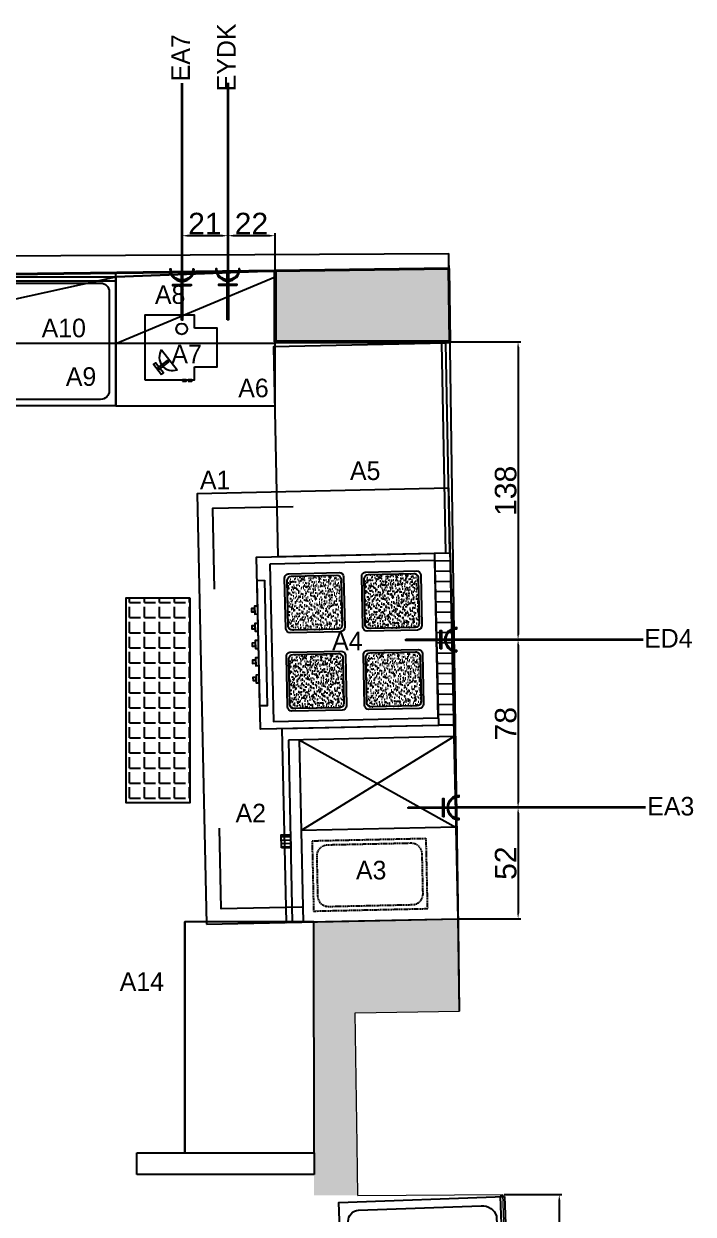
# Model space of a CAD drawing. Header units: millimetres. Extents: x 8884 to 18446, y 10737 to 16556.
# Drawn here: x 13835 to 14146, y 11651 to 12204 of the extents above; entities that cross this region are included whole.
import ezdxf
from ezdxf.enums import TextEntityAlignment as Align

# ---------------------------------------------------------------- set-up
doc = ezdxf.new("R2010")
doc.units = ezdxf.units.MM
doc.linetypes.add('DASHED', pattern=[0.75, 0.5, -0.25])
doc.linetypes.add('DUZ', pattern=[0])
for name, color, linetype, lineweight in [('Duvar', 1, 'Continuous', 15), ('ELK', 1, 'Continuous', 35), ('guclendirme', 226, 'DUZ', 9), ('kolon', 212, 'Continuous', 50), ('Sel_Tezgah', 7, 'Continuous', 9), ('TRS-DVR-OZGN', 192, 'Continuous', 40)]:
    doc.layers.add(name, color=color, linetype=linetype, lineweight=lineweight)
doc.layers.add('ELEKTRİK', color=10, linetype='Continuous')
doc.layers.add('S2000-002 Çizgi', color=7, linetype='Continuous')
doc.styles.get("Standard").update_dxf_attribs({"font": 'arial.ttf'})
doc.styles.add('TAKSİM', font='GOTHIC.TTF', dxfattribs={"height": 20})
doc.dimstyles.new('ISO-25', dxfattribs={"dimtxt": 10, "dimasz": 2.5, "dimexe": 1.25, "dimexo": 0.625, "dimtad": 1, "dimdec": 0, "dimtxsty": 'Standard', "dimcen": 2.5, "dimadec": 0, "dimazin": 0, "dimtfac": 1, "dimtdec": 0, "dimtmove": 0, "dimatfit": 3, "dimfxl": 1, "dimarcsym": 0})

# ---------------------------------------------------------------- blocks, each defined once
blk = doc.blocks.new('eee')
at = {"layer": 'S2000-002 Çizgi'}
h = blk.add_hatch(color=256, dxfattribs=at)
edge = h.paths.add_edge_path(flags=17)
edge.add_arc((10604.57235794183, 11589.25633684059), 8.5, 0, 360)
edge = h.paths.add_edge_path()
edge.add_arc((10604.57235794183, 11589.25633684059), 10, 0, 360)
edge = h.paths.add_edge_path(flags=16)
edge.add_arc((10608.82235794183, 11589.25633684059), 4.25, 180, 360)
for p, q in [((10642.72770656744, 11639.59770851403), (10640.72770656744, 11639.59770851403)), ((10640.72770656744, 11639.59770851403), (10640.72770656744, 11529.68000337572))]:
    blk.add_line(p, q)
blk.add_lwpolyline([(10642.72770656744, 11639.59770851403), (10642.72770656744, 11529.68000337572), (10565.72770656744, 11529.68000337572), (10565.72770656744, 11639.59770851403)], close=True, dxfattribs=at)
blk.add_lwpolyline([(10638.72770656744, 11630.59770851403), (10638.72770656744, 11538.68000337572, -0.3404814509114064), (10631.72770656744, 11533.68000337572), (10574.72770656744, 11533.68000337572, -0.4142135623730951), (10569.72770656744, 11538.68000337572), (10569.72770656744, 11630.59770851403, -0.4142135623730951), (10574.72770656744, 11635.59770851403), (10631.72770656744, 11635.59770851403, -0.3404814509114064)], format="xyb", close=True, dxfattribs=at)
for radius in [10, 8.5]:
    blk.add_circle((10604.57235794183, 11589.25633684059), radius, dxfattribs=at)
for centre, start, end in [((10600.32235794183, 11589.25633684059), 0, 180), ((10608.82235794183, 11589.25633684059), 180, 0)]:
    blk.add_arc(centre, 4.25, start, end, dxfattribs=at)
blk = doc.blocks.new('A$C73593CC2')
at = {"layer": 'S2000-002 Çizgi'}
for p, q in [((36.34233479506656, 42.76213329882648), (28.5306217565103, 43.87480110583783)), ((37.57251758557868, 38.95289110032718), (31.47483001584442, 33.94498769197708)), ((63.42750425193663, 38.95289110032718), (69.52519182167089, 33.94498769197708)), ((64.65768704245056, 42.76213329882648), (72.46940008100319, 43.87480110583783)), ((41.48117253679084, 37.28981272308192), (41.48117253679084, 29.39925569296793)), ((59.51884930072265, 37.28981272308192), (59.51884930072265, 29.39925569296793))]:
    blk.add_line(p, q, dxfattribs=at)
for points in [[(140.0000109187567, 57.99999128664695), (1.091875674319454e-05, 57.99999128664695), (1.091875674319454e-05, 59.99999128664695), (140.0000109187567, 59.99999128664695)], [(140.0000109187567, -8.71335305419052e-06), (1.091875674319454e-05, -8.71335305419052e-06), (1.091875674319454e-05, 59.99999128664695), (140.0000109187567, 59.99999128664695)]]:
    blk.add_lwpolyline(points, close=True, dxfattribs=at)
for points in [[(133.0000109187586, 2.999991286646036), (7.000010918758562, 2.999991286646946, -0.4142135623730919), (3.000010918758562, 6.999991286646946), (3.000010918756743, 52.99999128664695, -0.4142135623731057), (7.000010918756743, 56.99999128664695), (133.0000109187586, 56.99999128664695, -0.4142135623730951), (137.0000109187586, 52.99999128664695), (137.0000109187586, 6.999991286646036, -0.4142135623730844)], [(44.00001091875856, 9.999991286645127), (12.00001091875674, 9.999991286644217, -0.4142135623730951), (8.000010918756743, 13.99999128664422), (8.000010918756743, 45.99999128664422, -0.4142135623730951), (12.00001091875674, 49.99999128664422), (44.00001091875856, 49.99999128664513, -0.4142135623730951), (48.00001091875674, 45.99999128664513), (48.00001091875674, 13.99999128664513, -0.4142135623730951)], [(57.00001091875674, 9.999991286645127), (89.00001091875674, 9.999991286644217, 0.4142135623730951), (93.00001091875674, 13.99999128664422), (93.00001091875674, 45.99999128664422, 0.4142135623730951), (89.00001091875674, 49.99999128664422), (57.00001091875674, 49.99999128664513, 0.4142135623730951), (53.00001091875674, 45.99999128664513), (53.00001091875674, 13.99999128664513, 0.4142135623730951)]]:
    blk.add_lwpolyline(points, format="xyb", close=True, dxfattribs=at)
for centre in [(41.28580289640013, 42.2553478469863), (59.71421894111336, 42.2553478469863)]:
    blk.add_circle(centre, 3.187919533039348, dxfattribs=at)
blk = doc.blocks.new('A$C40CD3614')
at = {"layer": 'S2000-002 Çizgi'}
for points in [[(22.99999096734609, 24.6508949584113), (22.99999096734609, 30.6508949584113), (-9.0326539066e-06, 30.6508949584113), (-9.0326539066e-06, 0.6508949584112999)], [(22.99999096734609, 6.650894958411299), (33.4999909673461, 6.650894958411299), (33.4999909673461, 24.6508949584113), (22.99999096734609, 24.6508949584113)], [(7.746626256172021, 14.58368020781563), (15.02168763123245, 5.281286982144592)], [(-9.0326539066e-06, 0.6508949584112999), (22.99999096734609, 0.6508949584112999), (22.99999096734609, 6.650894958411299)], [(6.379044139060169, 6.547223004272382), (4.8366122199659, 8.49741331979021), (4.022971727485128, 7.841093713484951), (7.743824607947317, 3.136593525752687)], [(7.743824607947317, 3.136593525752687), (8.55746510042718, 3.792913132057947), (7.027489258243804, 5.727354473334343)]]:
    blk.add_lwpolyline(points, dxfattribs=at)
for points in [[(5.555238364562683, 5.895663865860115), (6.211557970867942, 5.082023373379342), (10.91605815860021, 8.802876253841534), (10.25973855229495, 9.616516746322306)], [(17.4653747985094, 2.3276897991e-06), (19.17459265780053, 2.3276897991e-06), (19.17459265780053, 0.6508949584112999), (17.4653747985094, 0.6508949584112999)], [(20.06990165435309, 2.3276897991e-06), (21.77911951364422, 2.3276897991e-06), (21.77911951364422, 0.6508949584112999), (20.06990165435309, 0.6508949584112999)]]:
    blk.add_lwpolyline(points, close=True, dxfattribs=at)
at = {"layer": 'S2000-002 Çizgi', "const_width": 0.321088662059243}
blk.add_lwpolyline([(9.179998227032227, 8.384882848155028, 1), (10.14326421320947, 8.384882848155028, 1)], format="xyb", close=True, dxfattribs=at)
at = {"layer": 'S2000-002 Çizgi'}
blk.add_circle((17.10786318402006, 24.27401279654077), 2.555403655230943, dxfattribs=at)
blk.add_arc((12.80505697228091, 11.05238555701908), 6.169097439692452, 145.081075028171, 291.5627440477892, dxfattribs=at)
blk = doc.blocks.new('A$C00BB00F4')
at = {"layer": 'S2000-002 Çizgi'}
h = blk.add_hatch(dxfattribs=at)
h.set_pattern_fill('ANSI31', color=256, scale=1.5, angle=45, style=0)
h.set_pattern_definition([(90, (-4807.759455217198, -5227.506430615429), (-4.762499999999998, 9e-16), [])])
h.paths.add_polyline_path([(7.7469831012e-06, 92.91599656089329), (7.7469831012e-06, 85.63028227517952), (80.00000774698309, 85.63028227517952), (80.00000774698309, 92.91599656089329)])
h = blk.add_hatch(dxfattribs=at)
h.set_pattern_fill('AR-CONC', color=256, scale=0.02, angle=45, style=0)
h.set_pattern_definition([(94.99999999999993, (-5282.116598074341, -5393.330489037356), (2.801893006915435, 2.351067588096603), [0.381, -4.190999999999999]), (40.00000000000002, (-5282.116598074341, -5393.330489037356), (-3.20035778016595, 2.203540130743089), [0.3048, -3.352799999999999]), (145.451, (-5281.883107879658, -5393.134567425958), (-0.398443161682815, 4.554604736583427), [0.3238, -3.5618]), (91.18419999999992, (-5282.835018564027, -5392.61206854767), (4.428204864609408, 3.239068257485409), [0.5714999999999997, -6.286499999999998]), (141.6356, (-5282.466002162342, -5392.3421460903), (-0.1417228867045508, 6.856528649643646), [0.4857000000000001, -5.342699999999999]), (36.18400000000003, (-5282.835018564027, -5392.61206854767), (-0.1417114403831481, 6.856527706621227), [0.4572, -5.0292]), (66, (-5282.296203196762, -5392.432463425249), (3.590411025702885, 0.6979053607124366), [0.3809999999999997, -4.190999999999995]), (11.00000000000003, (-5282.296203196762, -5392.432463425249), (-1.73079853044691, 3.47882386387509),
══════════
=== BRIEF ===
Search the entries for the word "flags", then list each line that holds it.

=== WRITTEN RESPONSE ===
edge = h.paths.add_edge_path(flags=17)
edge = h.paths.add_edge_path(flags=16)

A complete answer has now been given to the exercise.